--- START ---
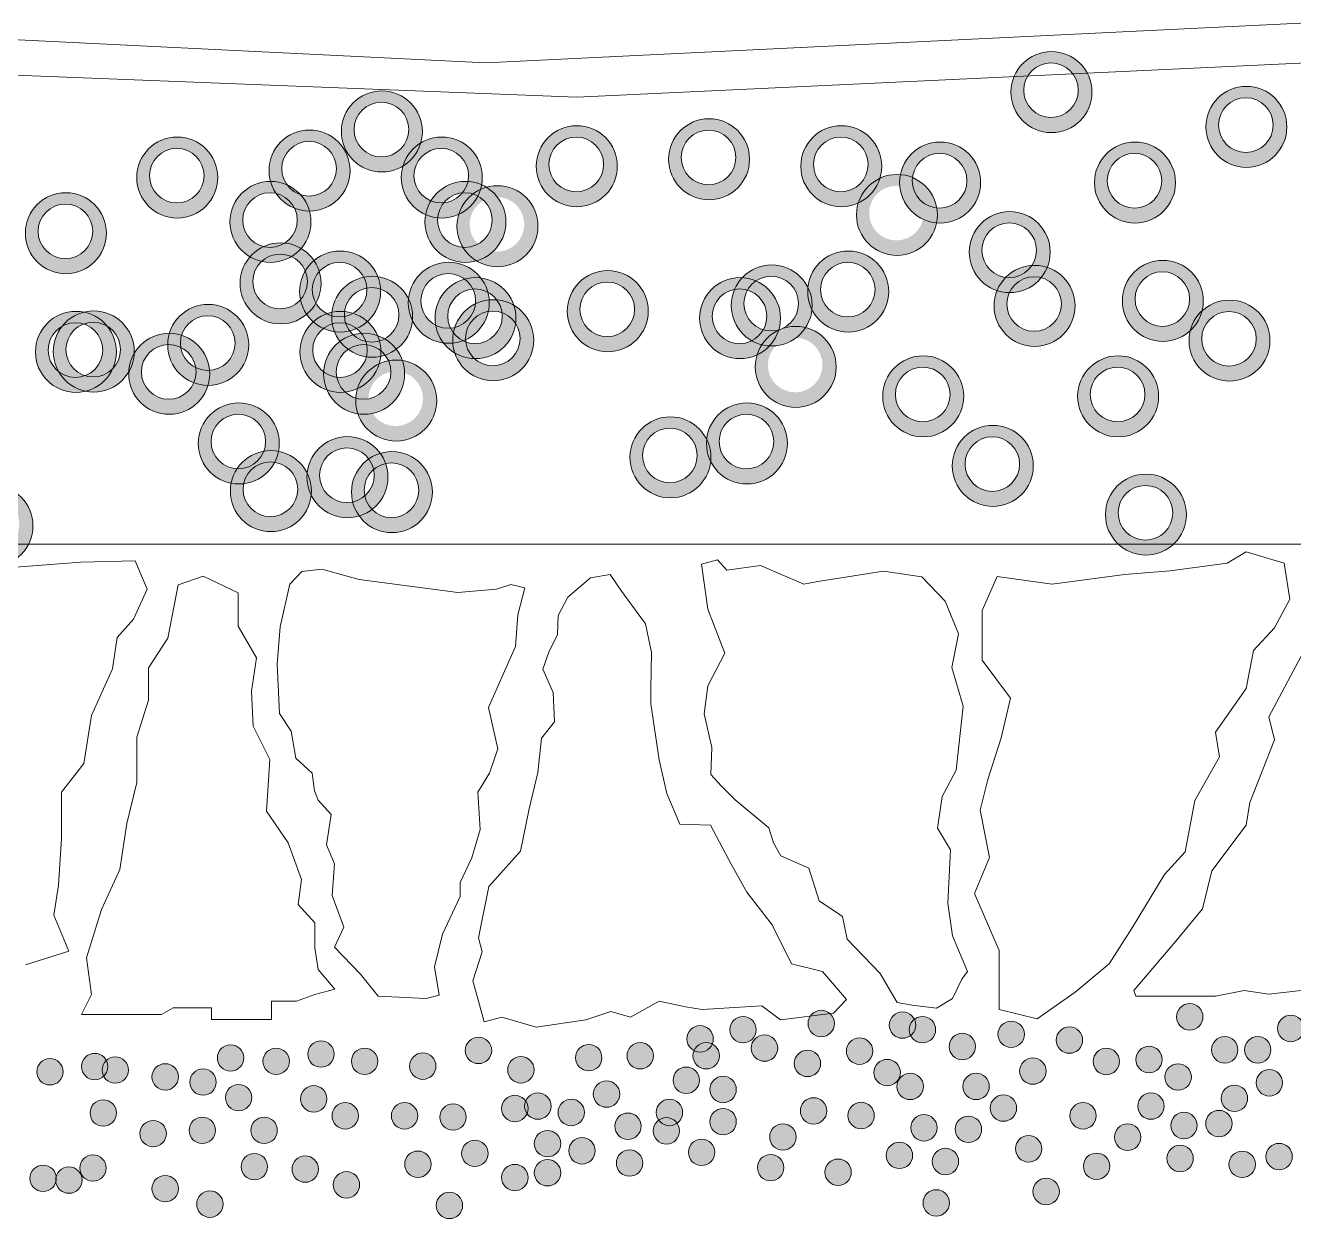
# Model space of a CAD drawing. Header units: centimetres. Extents: x 405464 to 563355, y 50011 to 66875.
# Drawn here: x 554974.8 to 555091, y 51287.9 to 51397.2 of the extents above; entities that cross this region are included whole.
import ezdxf

# ---------------------------------------------------------------- set-up
doc = ezdxf.new("R2010")
doc.units = ezdxf.units.CM
doc.layers.add('0-KRCN-SHT-DETAY-20', color=41, linetype='Continuous', lineweight=20)
doc.layers.add('0-KRCN-SHT-DETAY-ÇERÇEVE', color=71, linetype='Continuous', lineweight=40)

# ---------------------------------------------------------------- blocks, each defined once
blk = doc.blocks.new('G$C4C2874E9')
at = {"layer": '0-KRCN-SHT-DETAY-20'}
h = blk.add_hatch(color=256, dxfattribs=at)
edge = h.paths.add_edge_path()
edge.add_arc((224.438, -959.179), 1.855, 0, 360)
edge = h.paths.add_edge_path(flags=16)
edge.add_arc((224.416, -959.094), 1.251, 0, 360)
h = blk.add_hatch(color=256, dxfattribs=at)
edge = h.paths.add_edge_path()
edge.add_arc((193.763, -960.982), 1.855, 0, 360)
edge = h.paths.add_edge_path(flags=16)
edge.add_arc((193.74, -960.897), 1.251, 0, 360)
h = blk.add_hatch(color=256, dxfattribs=at)
edge = h.paths.add_edge_path()
edge.add_arc((233.367, -960.772), 1.855, 0, 360)
edge = h.paths.add_edge_path(flags=16)
edge.add_arc((233.345, -960.688), 1.251, 0, 360)
h = blk.add_hatch(color=256, dxfattribs=at)
edge = h.paths.add_edge_path()
edge.add_arc((208.751, -962.257), 1.855, 0, 360)
edge = h.paths.add_edge_path(flags=16)
edge.add_arc((208.728, -962.172), 1.251, 0, 360)
h = blk.add_hatch(color=256, dxfattribs=at)
edge = h.paths.add_edge_path()
edge.add_arc((190.448, -962.772), 1.855, 0, 360)
edge = h.paths.add_edge_path(flags=16)
edge.add_arc((190.426, -962.687), 1.251, 0, 360)
h = blk.add_hatch(color=256, dxfattribs=at)
edge = h.paths.add_edge_path()
edge.add_arc((202.692, -962.575), 1.855, 0, 360)
edge = h.paths.add_edge_path(flags=16)
edge.add_arc((202.669, -962.491), 1.251, 0, 360)
h = blk.add_hatch(color=256, dxfattribs=at)
edge = h.paths.add_edge_path()
edge.add_arc((214.81, -962.575), 1.855, 0, 360)
edge = h.paths.add_edge_path(flags=16)
edge.add_arc((214.787, -962.491), 1.251, 0, 360)
h = blk.add_hatch(color=256, dxfattribs=at)
edge = h.paths.add_edge_path()
edge.add_arc((184.389, -963.091), 1.855, 0, 360)
edge = h.paths.add_edge_path(flags=16)
edge.add_arc((184.367, -963.006), 1.251, 0, 360)
h = blk.add_hatch(color=256, dxfattribs=at)
edge = h.paths.add_edge_path()
edge.add_arc((196.507, -963.091), 1.855, 0, 360)
edge = h.paths.add_edge_path(flags=16)
edge.add_arc((196.485, -963.006), 1.251, 0, 360)
h = blk.add_hatch(color=256, dxfattribs=at)
edge = h.paths.add_edge_path()
edge.add_arc((219.336, -963.322), 1.855, 0, 360)
edge = h.paths.add_edge_path(flags=16)
edge.add_arc((219.313, -963.237), 1.251, 0, 360)
h = blk.add_hatch(color=256, dxfattribs=at)
edge = h.paths.add_edge_path()
edge.add_arc((228.265, -963.322), 1.855, 0, 360)
edge = h.paths.add_edge_path(flags=16)
edge.add_arc((228.242, -963.237), 1.251, 0, 360)
h = blk.add_hatch(color=256, dxfattribs=at)
edge = h.paths.add_edge_path()
edge.add_arc((188.66, -965.125), 1.855, 0, 360)
edge = h.paths.add_edge_path(flags=16)
edge.add_arc((188.638, -965.04), 1.251, 0, 360)
h = blk.add_hatch(color=256, dxfattribs=at)
edge = h.paths.add_edge_path()
edge.add_arc((197.589, -965.125), 1.855, 0, 360)
edge = h.paths.add_edge_path(flags=16)
edge.add_arc((197.567, -965.04), 1.251, 0, 360)
h = blk.add_hatch(color=256, dxfattribs=at)
edge = h.paths.add_edge_path(flags=16)
edge.add_arc((217.338, -964.721), 1.251, 0, 360)
edge = h.paths.add_edge_path()
edge.add_arc((217.361, -964.806), 1.855, 0, 360)
h = blk.add_hatch(color=256, dxfattribs=at)
edge = h.paths.add_edge_path()
edge.add_arc((179.287, -965.64), 1.855, 0, 360)
edge = h.paths.add_edge_path(flags=16)
edge.add_arc((179.265, -965.555), 1.251, 0, 360)
h = blk.add_hatch(color=256, dxfattribs=at)
edge = h.paths.add_edge_path(flags=16)
edge.add_arc((199.036, -965.236), 1.251, 0, 360)
edge = h.paths.add_edge_path()
edge.add_arc((199.059, -965.321), 1.855, 0, 360)
h = blk.add_hatch(color=256, dxfattribs=at)
edge = h.paths.add_edge_path()
edge.add_arc((222.525, -966.508), 1.855, 0, 360)
edge = h.paths.add_edge_path(flags=16)
edge.add_arc((222.502, -966.423), 1.251, 0, 360)
h = blk.add_hatch(color=256, dxfattribs=at)
edge = h.paths.add_edge_path()
edge.add_arc((189.123, -967.937), 1.855, 0, 360)
edge = h.paths.add_edge_path(flags=16)
edge.add_arc((189.1, -967.852), 1.251, 0, 360)
h = blk.add_hatch(color=256, dxfattribs=at)
edge = h.paths.add_edge_path()
edge.add_arc((191.849, -968.311), 1.855, 0, 360)
edge = h.paths.add_edge_path(flags=16)
edge.add_arc((191.827, -968.226), 1.251, 0, 360)
h = blk.add_hatch(color=256, dxfattribs=at)
edge = h.paths.add_edge_path()
edge.add_arc((215.128, -968.311), 1.855, 0, 360)
edge = h.paths.add_edge_path(flags=16)
edge.add_arc((215.106, -968.226), 1.251, 0, 360)
h = blk.add_hatch(color=256, dxfattribs=at)
edge = h.paths.add_edge_path()
edge.add_arc((196.826, -968.826), 1.855, 0, 360)
edge = h.paths.add_edge_path(flags=16)
edge.add_arc((196.804, -968.741), 1.251, 0, 360)
h = blk.add_hatch(color=256, dxfattribs=at)
edge = h.paths.add_edge_path()
edge.add_arc((204.111, -969.211), 1.855, 0, 360)
edge = h.paths.add_edge_path(flags=16)
edge.add_arc((204.088, -969.127), 1.251, 0, 360)
h = blk.add_hatch(color=256, dxfattribs=at)
edge = h.paths.add_edge_path()
edge.add_arc((211.621, -968.948), 1.855, 0, 360)
edge = h.paths.add_edge_path(flags=16)
edge.add_arc((211.598, -968.864), 1.251, 0, 360)
h = blk.add_hatch(color=256, dxfattribs=at)
edge = h.paths.add_edge_path()
edge.add_arc((223.665, -968.967), 1.855, 0, 360)
edge = h.paths.add_edge_path(flags=16)
edge.add_arc((223.642, -968.882), 1.251, 0, 360)
h = blk.add_hatch(color=256, dxfattribs=at)
edge = h.paths.add_edge_path()
edge.add_arc((229.54, -968.739), 1.855, 0, 360)
edge = h.paths.add_edge_path(flags=16)
edge.add_arc((229.518, -968.654), 1.251, 0, 360)
h = blk.add_hatch(color=256, dxfattribs=at)
edge = h.paths.add_edge_path()
edge.add_arc((193.318, -969.464), 1.855, 0, 360)
edge = h.paths.add_edge_path(flags=16)
edge.add_arc((193.296, -969.379), 1.251, 0, 360)
h = blk.add_hatch(color=256, dxfattribs=at)
edge = h.paths.add_edge_path()
edge.add_arc((198.052, -969.53), 1.855, 0, 360)
edge = h.paths.add_edge_path(flags=16)
edge.add_arc((198.029, -969.445), 1.251, 0, 360)
h = blk.add_hatch(color=256, dxfattribs=at)
edge = h.paths.add_edge_path()
edge.add_arc((210.17, -969.53), 1.855, 0, 360)
edge = h.paths.add_edge_path(flags=16)
edge.add_arc((210.147, -969.445), 1.251, 0, 360)
h = blk.add_hatch(color=256, dxfattribs=at)
edge = h.paths.add_edge_path()
edge.add_arc((185.808, -970.757), 1.855, 0, 360)
edge = h.paths.add_edge_path(flags=16)
edge.add_arc((185.786, -970.672), 1.251, 0, 360)
h = blk.add_hatch(color=256, dxfattribs=at)
edge = h.paths.add_edge_path()
edge.add_arc((198.865, -970.542), 1.855, 0, 360)
edge = h.paths.add_edge_path(flags=16)
edge.add_arc((198.843, -970.457), 1.251, 0, 360)
h = blk.add_hatch(color=256, dxfattribs=at)
edge = h.paths.add_edge_path()
edge.add_arc((232.594, -970.56), 1.855, 0, 360)
edge = h.paths.add_edge_path(flags=16)
edge.add_arc((232.571, -970.476), 1.251, 0, 360)
h = blk.add_hatch(color=256, dxfattribs=at)
edge = h.paths.add_edge_path()
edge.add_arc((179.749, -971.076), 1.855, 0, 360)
--- END ---
Return all lines of the data in which the string "lineweight" appears.

#### ANSWER TO THIS EXERCISE
doc.layers.add('0-KRCN-SHT-DETAY-20', color=41, linetype='Continuous', lineweight=20)
doc.layers.add('0-KRCN-SHT-DETAY-ÇERÇEVE', color=71, linetype='Continuous', lineweight=40)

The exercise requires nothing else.